- Information provided -
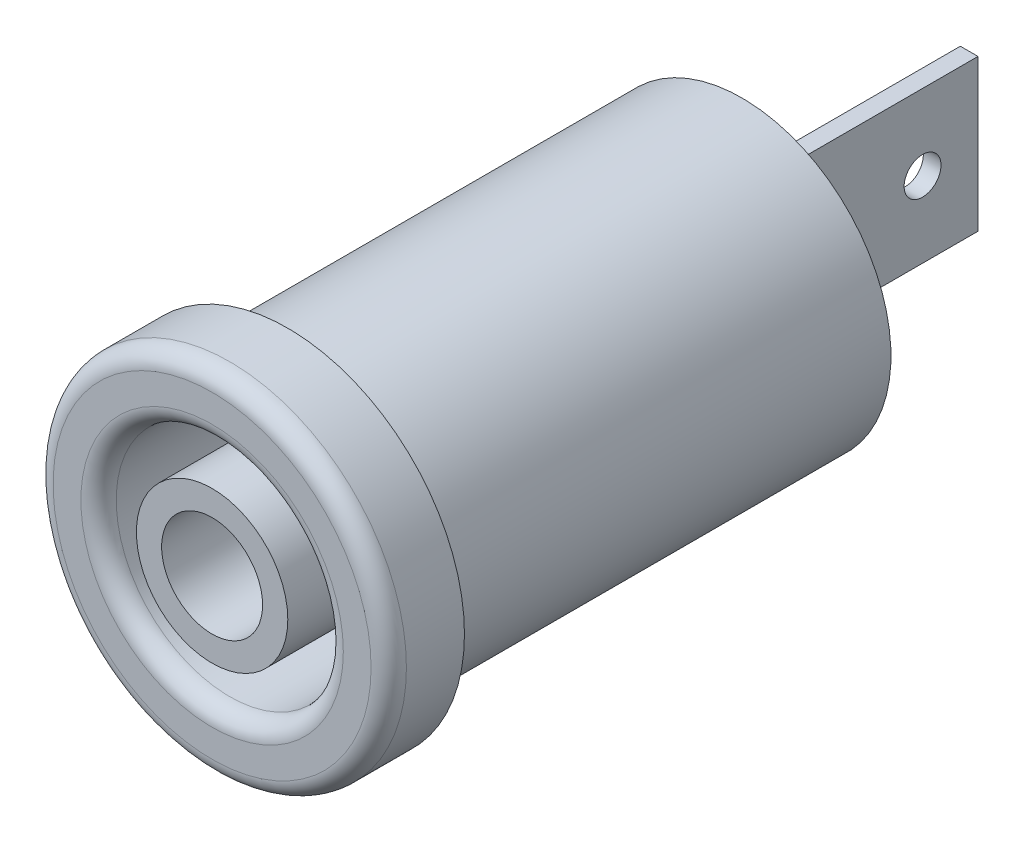
SolidWorks part; units mm, degrees
ref_plane "Front Plane" through (0, 0, 0) normal (0, 0, 1) x (1, 0, 0)
ref_plane "Top Plane" through (0, 0, 0) normal (0, 1, 0) x (1, 0, 0)
ref_plane "Right Plane" through (0, 0, 0) normal (1, 0, 0) x (0, 0, -1)
sketch "Sketch1" plane through (0, 0, 0) normal (0, 0, 1) x (1, 0, 0)
  circle A0 centre (0, 0) radius 7
  dimension "D1" = 14
extrude "Boss-Extrude1" add sketch "Sketch1" along normal blind 3
sketch "Sketch2" plane through (0, 0, 0) normal (0, 0, -1) x (-1, 0, 0)
  circle A0 centre (0, 0) radius 5.9
  dimension "D1" = 11.8
extrude "Boss-Extrude2" add sketch "Sketch2" along normal blind 18
sketch "Sketch3" plane through (0, 0, -18) normal (0, 0, -1) x (-1, 0, 0)
  line L0 (0, 1.6278) -> (0, -1.3249) construction
  line L2 (-0.35, 3) -> (0.35, 3)
  line L3 (-0.35, 3) -> (-0.35, -3)
  line L4 (-0.35, -3) -> (0.35, -3)
  line L5 (0.35, 3) -> (0.35, -3)
  line L6 (0, -3) -> (0, 3) construction
  line L7 (-0.35, 0) -> (0.35, 0) construction
  point P3 (0, 0)
  dimension "D1" = 6
  dimension "D2" = 0.7
extrude "Boss-Extrude3" add sketch "Sketch3" along normal blind 9
sketch "Sketch4" plane through (0.35, 0, 0) normal (1, 0, 0) x (0, 0, -1)
  circle A0 centre (24.8028, 0) radius 0.731
extrude "Cut-Extrude1" cut sketch "Sketch4" against normal blind 0.7
sketch "Sketch8" plane through (0, 0, 3) normal (0, 0, 1) x (1, 0, 0)
  circle A0 centre (0, 0) radius 4.5
  dimension "D1" = 9
extrude "Cut-Extrude2" cut sketch "Sketch8" against normal blind 10
sketch "Sketch9" plane through (0, 0, -7) normal (0, 0, 1) x (1, 0, 0)
  circle A0 centre (0, 0) radius 3
  dimension "D1" = 6
extrude "Boss-Extrude4" add sketch "Sketch9" along normal blind 10
sketch "Sketch10" plane through (0, 0, 3) normal (0, 0, 1) x (1, 0, 0)
  circle A0 centre (0, 0) radius 2
  dimension "D1" = 4
extrude "Cut-Extrude3" cut sketch "Sketch10" against normal blind 10
fillet "Fillet3" radius 0.7 2 edges at (4.5, 0, 3) (7, 0, 3)

- Exercise directions -
Using the line that contains "circle A0 centre (0, 0) radius 4.5" as the first, reproduce each line exactly through the last line of the listing.

- Exercise response -
  circle A0 centre (0, 0) radius 4.5
  dimension "D1" = 9
extrude "Cut-Extrude2" cut sketch "Sketch8" against normal blind 10
sketch "Sketch9" plane through (0, 0, -7) normal (0, 0, 1) x (1, 0, 0)
  circle A0 centre (0, 0) radius 3
  dimension "D1" = 6
extrude "Boss-Extrude4" add sketch "Sketch9" along normal blind 10
sketch "Sketch10" plane through (0, 0, 3) normal (0, 0, 1) x (1, 0, 0)
  circle A0 centre (0, 0) radius 2
  dimension "D1" = 4
extrude "Cut-Extrude3" cut sketch "Sketch10" against normal blind 10
fillet "Fillet3" radius 0.7 2 edges at (4.5, 0, 3) (7, 0, 3)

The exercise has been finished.